**WHAT IS NEEDED:** From the line below that contains "#172=VERTEX_POINT('',#171);" to the line that contains "#207=EDGE_LOOP('',(#176,#184,#192,#200,#206));", repeat every line exactly, both ends included, and nothing else.

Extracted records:
•••••

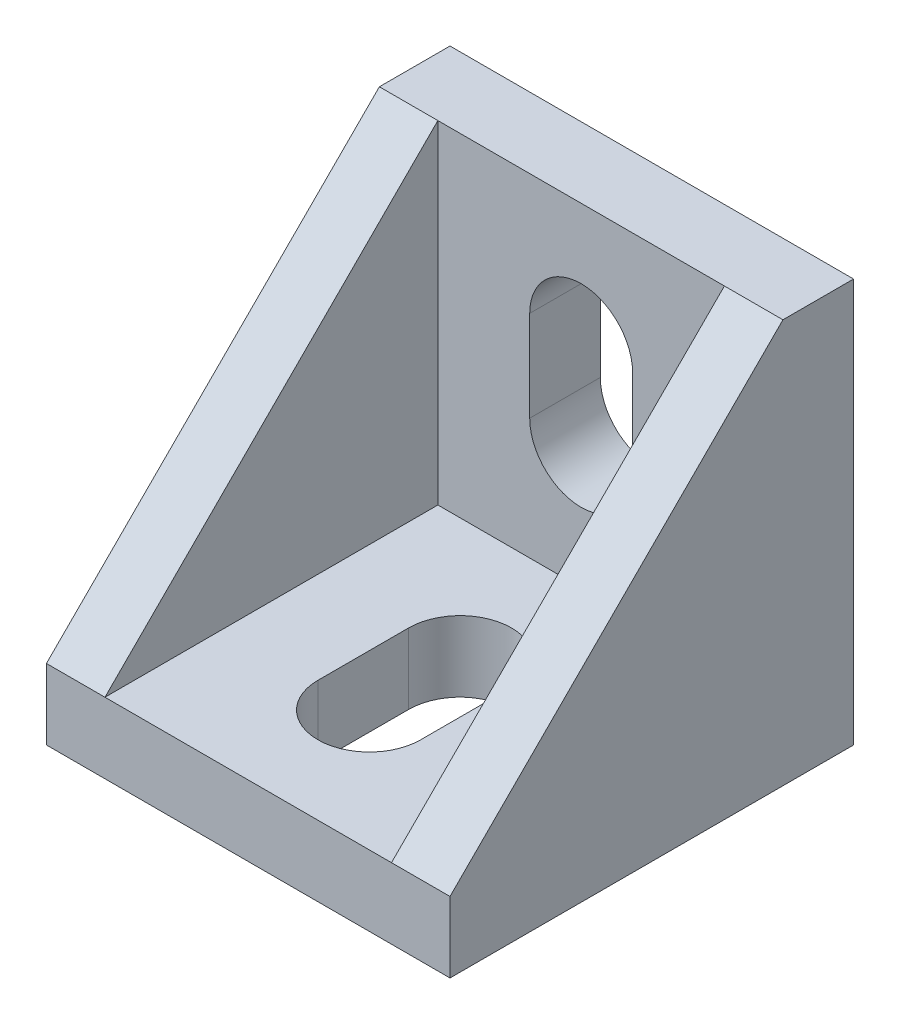
ISO-10303-21;
HEADER;
FILE_DESCRIPTION(('STEP AP214'),'2;1');
FILE_NAME('part.step','',(''),(''),'','','');
FILE_SCHEMA(('AUTOMOTIVE_DESIGN { 1 0 10303 214 1 1 1 1 }'));
ENDSEC;
DATA;
#1=APPLICATION_CONTEXT('core data for automotive mechanical design processes');
#2=APPLICATION_PROTOCOL_DEFINITION('international standard','automotive_design',2000,#1);
#3=PRODUCT_CONTEXT('',#1,'mechanical');
#4=PRODUCT('Part','Part','',(#3));
#5=PRODUCT_RELATED_PRODUCT_CATEGORY('part','',(#4));
#6=PRODUCT_DEFINITION_FORMATION('','',#4);
#7=PRODUCT_DEFINITION_CONTEXT('part definition',#1,'design');
#8=PRODUCT_DEFINITION('design','',#6,#7);
#9=PRODUCT_DEFINITION_SHAPE('','',#8);
#10=(LENGTH_UNIT() NAMED_UNIT(*) SI_UNIT(.MILLI.,.METRE.));
#11=(NAMED_UNIT(*) PLANE_ANGLE_UNIT() SI_UNIT($,.RADIAN.));
#12=(NAMED_UNIT(*) SI_UNIT($,.STERADIAN.) SOLID_ANGLE_UNIT());
#13=UNCERTAINTY_MEASURE_WITH_UNIT(LENGTH_MEASURE(1.E-05),#10,'distance_accuracy_value','');
#14=(GEOMETRIC_REPRESENTATION_CONTEXT(3) GLOBAL_UNCERTAINTY_ASSIGNED_CONTEXT((#13)) GLOBAL_UNIT_ASSIGNED_CONTEXT((#10,
#11,#12)) REPRESENTATION_CONTEXT('',''));
#15=CARTESIAN_POINT('',(0.,0.,0.));
#16=DIRECTION('',(0.,0.,1.));
#17=DIRECTION('',(1.,0.,0.));
#18=AXIS2_PLACEMENT_3D('',#15,#16,#17);
#19=CARTESIAN_POINT('',(0.,20.,3.5));
#20=DIRECTION('',(0.,0.,-1.));
#21=DIRECTION('',(-1.,0.,0.));
#22=AXIS2_PLACEMENT_3D('',#19,#20,#21);
#23=PLANE('',#22);
#24=DIRECTION('',(0.,-1.,0.));
#25=VECTOR('',#24,1.);
#26=CARTESIAN_POINT('',(7.45,9.5,3.5));
#27=LINE('',#26,#25);
#28=CARTESIAN_POINT('',(7.45,14.,3.5));
#29=VERTEX_POINT('',#28);
#30=CARTESIAN_POINT('',(7.45,9.5,3.5));
#31=VERTEX_POINT('',#30);
#32=EDGE_CURVE('E166',#29,#31,#27,.T.);
#33=ORIENTED_EDGE('',*,*,#32,.F.);
#34=CARTESIAN_POINT('',(10.,14.,3.5));
#35=DIRECTION('',(0.,0.,1.));
#36=DIRECTION('',(1.,0.,0.));
#37=AXIS2_PLACEMENT_3D('',#34,#35,#36);
#38=CIRCLE('',#37,2.55);
#39=CARTESIAN_POINT('',(12.55,14.,3.5));
#40=VERTEX_POINT('',#39);
#41=EDGE_CURVE('E49',#40,#29,#38,.T.);
#42=ORIENTED_EDGE('',*,*,#41,.F.);
#43=DIRECTION('',(0.,1.,0.));
#44=VECTOR('',#43,1.);
#45=CARTESIAN_POINT('',(12.55,14.,3.5));
#46=LINE('',#45,#44);
#47=CARTESIAN_POINT('',(12.55,9.5,3.5));
#48=VERTEX_POINT('',#47);
#49=EDGE_CURVE('E159',#48,#40,#46,.T.);
#50=ORIENTED_EDGE('',*,*,#49,.F.);
#51=CARTESIAN_POINT('',(10.,9.5,3.5));
#52=DIRECTION('',(0.,0.,1.));
#53=DIRECTION('',(-1.,0.,0.));
#54=AXIS2_PLACEMENT_3D('',#51,#52,#53);
#55=CIRCLE('',#54,2.55);
#56=EDGE_CURVE('E173',#31,#48,#55,.T.);
#57=ORIENTED_EDGE('',*,*,#56,.F.);
#58=EDGE_LOOP('',(#33,#42,#50,#57));
#59=FACE_BOUND('',#58,.T.);
#60=DIRECTION('',(0.,-1.,0.));
#61=VECTOR('',#60,1.);
#62=CARTESIAN_POINT('',(2.9,3.5,3.5));
#63=LINE('',#62,#61);
#64=CARTESIAN_POINT('',(2.9,20.,3.5));
#65=VERTEX_POINT('',#64);
#66=CARTESIAN_POINT('',(2.9,3.5,3.5));
#67=VERTEX_POINT('',#66);
#68=EDGE_CURVE('E213',#65,#67,#63,.T.);
#69=ORIENTED_EDGE('',*,*,#68,.T.);
#70=DIRECTION('',(-1.,0.,0.));
#71=VECTOR('',#70,1.);
#72=CARTESIAN_POINT('',(0.,3.5,3.5));
#73=LINE('',#72,#71);
#74=CARTESIAN_POINT('',(17.1,3.5,3.5));
#75=VERTEX_POINT('',#74);
#76=EDGE_CURVE('E36',#75,#67,#73,.T.);
#77=ORIENTED_EDGE('',*,*,#76,.F.);
#78=DIRECTION('',(0.,1.,0.));
#79=VECTOR('',#78,1.);
#80=CARTESIAN_POINT('',(17.1,3.5,3.5));
#81=LINE('',#80,#79);
#82=CARTESIAN_POINT('',(17.1,20.,3.5));
#83=VERTEX_POINT('',#82);
#84=EDGE_CURVE('E230',#75,#83,#81,.T.);
#85=ORIENTED_EDGE('',*,*,#84,.T.);
#86=DIRECTION('',(-1.,0.,0.));
#87=VECTOR('',#86,1.);
#88=CARTESIAN_POINT('',(0.,20.,3.5));
#89=LINE('',#88,#87);
#90=EDGE_CURVE('E259',#83,#65,#89,.T.);
#91=ORIENTED_EDGE('',*,*,#90,.T.);
#92=EDGE_LOOP('',(#69,#77,#85,#91));
#93=FACE_BOUND('',#92,.T.);
#94=ADVANCED_FACE('F32',(#59,#93),#23,.F.);
#95=CARTESIAN_POINT('',(0.,3.5,20.));
#96=DIRECTION('',(0.,-1.,0.));
#97=DIRECTION('',(0.,0.,-1.));
#98=AXIS2_PLACEMENT_3D('',#95,#96,#97);
#99=PLANE('',#98);
#100=DIRECTION('',(0.,0.,-1.));
#101=VECTOR('',#100,1.);
#102=CARTESIAN_POINT('',(12.55,3.5,9.5));
#103=LINE('',#102,#101);
#104=CARTESIAN_POINT('',(12.55,3.5,14.));
#105=VERTEX_POINT('',#104);
#106=CARTESIAN_POINT('',(12.55,3.5,9.5));
#107=VERTEX_POINT('',#106);
#108=EDGE_CURVE('E191',#105,#107,#103,.T.);
#109=ORIENTED_EDGE('',*,*,#108,.F.);
#110=CARTESIAN_POINT('',(10.,3.5,14.));
#111=DIRECTION('',(0.,1.,0.));
#112=DIRECTION('',(0.,0.,1.));
#113=AXIS2_PLACEMENT_3D('',#110,#111,#112);
#114=CIRCLE('',#113,2.55);
#115=CARTESIAN_POINT('',(7.45,3.5,14.));
#116=VERTEX_POINT('',#115);
#117=EDGE_CURVE('E189',#116,#105,#114,.T.);
#118=ORIENTED_EDGE('',*,*,#117,.F.);
#119=DIRECTION('',(0.,0.,1.));
#120=VECTOR('',#119,1.);
#121=CARTESIAN_POINT('',(7.45,3.5,14.));
#122=LINE('',#121,#120);
#123=CARTESIAN_POINT('',(7.45,3.5,9.5));
#124=VERTEX_POINT('',#123);
#125=EDGE_CURVE('E197',#124,#116,#122,.T.);
#126=ORIENTED_EDGE('',*,*,#125,.F.);
#127=CARTESIAN_POINT('',(10.,3.5,9.5));
#128=DIRECTION('',(0.,1.,0.));
#129=DIRECTION('',(0.,0.,-1.));
#130=AXIS2_PLACEMENT_3D('',#127,#128,#129);
#131=CIRCLE('',#130,2.55);
#132=EDGE_CURVE('E194',#107,#124,#131,.T.);
#133=ORIENTED_EDGE('',*,*,#132,.F.);
#134=EDGE_LOOP('',(#109,#118,#126,#133));
#135=FACE_BOUND('',#134,.T.);
#136=DIRECTION('',(0.,0.,1.));
#137=VECTOR('',#136,1.);
#138=CARTESIAN_POINT('',(2.9,3.5,20.));
#139=LINE('',#138,#137);
#140=CARTESIAN_POINT('',(2.9,3.5,20.));
#141=VERTEX_POINT('',#140);
#142=EDGE_CURVE('E216',#67,#141,#139,.T.);
#143=ORIENTED_EDGE('',*,*,#142,.T.);
#144=DIRECTION('',(-1.,0.,0.));
#145=VECTOR('',#144,1.);
#146=CARTESIAN_POINT('',(0.,3.5,20.));
#147=LINE('',#146,#145);
#148=CARTESIAN_POINT('',(17.1,3.5,20.));
#149=VERTEX_POINT('',#148);
#150=EDGE_CURVE('E250',#149,#141,#147,.T.);
#151=ORIENTED_EDGE('',*,*,#150,.F.);
#152=DIRECTION('',(0.,0.,-1.));
#153=VECTOR('',#152,1.);
#154=CARTESIAN_POINT('',(17.1,3.5,20.));
#155=LINE('',#154,#153);
#156=EDGE_CURVE('E236',#149,#75,#155,.T.);
#157=ORIENTED_EDGE('',*,*,#156,.T.);
#158=ORIENTED_EDGE('',*,*,#76,.T.);
#159=EDGE_LOOP('',(#143,#151,#157,#158));
#160=FACE_BOUND('',#159,.T.);
#161=ADVANCED_FACE('F298',(#135,#160),#99,.F.);
#162=CARTESIAN_POINT('',(0.,0.,3.5));
#163=DIRECTION('',(1.,0.,0.));
#164=DIRECTION('',(0.,0.,-1.));
#165=AXIS2_PLACEMENT_3D('',#162,#163,#164);
#166=PLANE('',#165);
#167=DIRECTION('',(0.,-1.,0.));
#168=VECTOR('',#167,1.);
#169=CARTESIAN_POINT('',(0.,0.,0.));
#170=LINE('',#169,#168);
#171=CARTESIAN_POINT('',(0.,20.,0.));
#172=VERTEX_POINT('',#171);
#173=CARTESIAN_POINT('',(0.,0.,0.));
#174=VERTEX_POINT('',#173);
#175=EDGE_CURVE('E253',#172,#174,#170,.T.);
#176=ORIENTED_EDGE('',*,*,#175,.T.);
#177=DIRECTION('',(0.,0.,-1.));
#178=VECTOR('',#177,1.);
#179=CARTESIAN_POINT('',(0.,0.,3.5));
#180=LINE('',#179,#178);
#181=CARTESIAN_POINT('',(0.,0.,20.));
#182=VERTEX_POINT('',#181);
#183=EDGE_CURVE('E11',#182,#174,#180,.T.);
#184=ORIENTED_EDGE('',*,*,#183,.F.);
#185=DIRECTION('',(0.,-1.,0.));
#186=VECTOR('',#185,1.);
#187=CARTESIAN_POINT('',(0.,0.,20.));
#188=LINE('',#187,#186);
#189=CARTESIAN_POINT('',(0.,3.5,20.));
#190=VERTEX_POINT('',#189);
#191=EDGE_CURVE('E241',#190,#182,#188,.T.);
#192=ORIENTED_EDGE('',*,*,#191,.F.);
#193=DIRECTION('',(0.,0.707106781186547,-0.707106781186547));
#194=VECTOR('',#193,1.);
#195=CARTESIAN_POINT('',(0.,20.,3.5));
#196=LINE('',#195,#194);
#197=CARTESIAN_POINT('',(0.,20.,3.5));
#198=VERTEX_POINT('',#197);
#199=EDGE_CURVE('E212',#190,#198,#196,.T.);
#200=ORIENTED_EDGE('',*,*,#199,.T.);
#201=DIRECTION('',(0.,0.,-1.));
#202=VECTOR('',#201,1.);
#203=CARTESIAN_POINT('',(0.,20.,3.5));
#204=LINE('',#203,#202);
#205=EDGE_CURVE('E258',#198,#172,#204,.T.);
#206=ORIENTED_EDGE('',*,*,#205,.T.);
#207=EDGE_LOOP('',(#176,#184,#192,#200,#206));
#208=FACE_BOUND('',#207,.T.);
#209=ADVANCED_FACE('F34',(#208),#166,.F.);
#210=CARTESIAN_POINT('',(0.,0.,3.5));
#211=DIRECTION('',(0.,1.,0.));
#212=DIRECTION('',(0.,0.,1.));
#213=AXIS2_PLACEMENT_3D('',#210,#211,#212);
#214=PLANE('',#213);
#215=DIRECTION('',(0.,0.,-1.));
#216=VECTOR('',#215,1.);
#217=CARTESIAN_POINT('',(7.45,0.,14.));
#218=LINE('',#217,#216);
#219=CARTESIAN_POINT('',(7.45,0.,14.));
#220=VERTEX_POINT('',#219);
#221=CARTESIAN_POINT('',(7.45,0.,9.5));
#222=VERTEX_POINT('',#221);
#223=EDGE_CURVE('E183',#220,#222,#218,.T.);
#224=ORIENTED_EDGE('',*,*,#223,.F.);
#225=CARTESIAN_POINT('',(10.,0.,14.));
#226=DIRECTION('',(0.,1.,0.));
#227=DIRECTION('',(0.,0.,1.));
#228=AXIS2_PLACEMENT_3D('',#225,#226,#227);
#229=CIRCLE('',#228,2.55);
#230=CARTESIAN_POINT('',(12.55,0.,14.));
#231=VERTEX_POINT('',#230);
#232=EDGE_CURVE('E186',#231,#220,#229,.F.);
#233=ORIENTED_EDGE('',*,*,#232,.F.);
#234=DIRECTION('',(0.,0.,1.));
#235=VECTOR('',#234,1.);
#236=CARTESIAN_POINT('',(12.55,0.,9.5));
#237=LINE('',#236,#235);
#238=CARTESIAN_POINT('',(12.55,0.,9.5));
#239=VERTEX_POINT('',#238);
#240=EDGE_CURVE('E203',#239,#231,#237,.T.);
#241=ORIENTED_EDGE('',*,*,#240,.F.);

•••••

**TASK RESPONSE:**
#172=VERTEX_POINT('',#171);
#173=CARTESIAN_POINT('',(0.,0.,0.));
#174=VERTEX_POINT('',#173);
#175=EDGE_CURVE('E253',#172,#174,#170,.T.);
#176=ORIENTED_EDGE('',*,*,#175,.T.);
#177=DIRECTION('',(0.,0.,-1.));
#178=VECTOR('',#177,1.);
#179=CARTESIAN_POINT('',(0.,0.,3.5));
#180=LINE('',#179,#178);
#181=CARTESIAN_POINT('',(0.,0.,20.));
#182=VERTEX_POINT('',#181);
#183=EDGE_CURVE('E11',#182,#174,#180,.T.);
#184=ORIENTED_EDGE('',*,*,#183,.F.);
#185=DIRECTION('',(0.,-1.,0.));
#186=VECTOR('',#185,1.);
#187=CARTESIAN_POINT('',(0.,0.,20.));
#188=LINE('',#187,#186);
#189=CARTESIAN_POINT('',(0.,3.5,20.));
#190=VERTEX_POINT('',#189);
#191=EDGE_CURVE('E241',#190,#182,#188,.T.);
#192=ORIENTED_EDGE('',*,*,#191,.F.);
#193=DIRECTION('',(0.,0.707106781186547,-0.707106781186547));
#194=VECTOR('',#193,1.);
#195=CARTESIAN_POINT('',(0.,20.,3.5));
#196=LINE('',#195,#194);
#197=CARTESIAN_POINT('',(0.,20.,3.5));
#198=VERTEX_POINT('',#197);
#199=EDGE_CURVE('E212',#190,#198,#196,.T.);
#200=ORIENTED_EDGE('',*,*,#199,.T.);
#201=DIRECTION('',(0.,0.,-1.));
#202=VECTOR('',#201,1.);
#203=CARTESIAN_POINT('',(0.,20.,3.5));
#204=LINE('',#203,#202);
#205=EDGE_CURVE('E258',#198,#172,#204,.T.);
#206=ORIENTED_EDGE('',*,*,#205,.T.);
#207=EDGE_LOOP('',(#176,#184,#192,#200,#206));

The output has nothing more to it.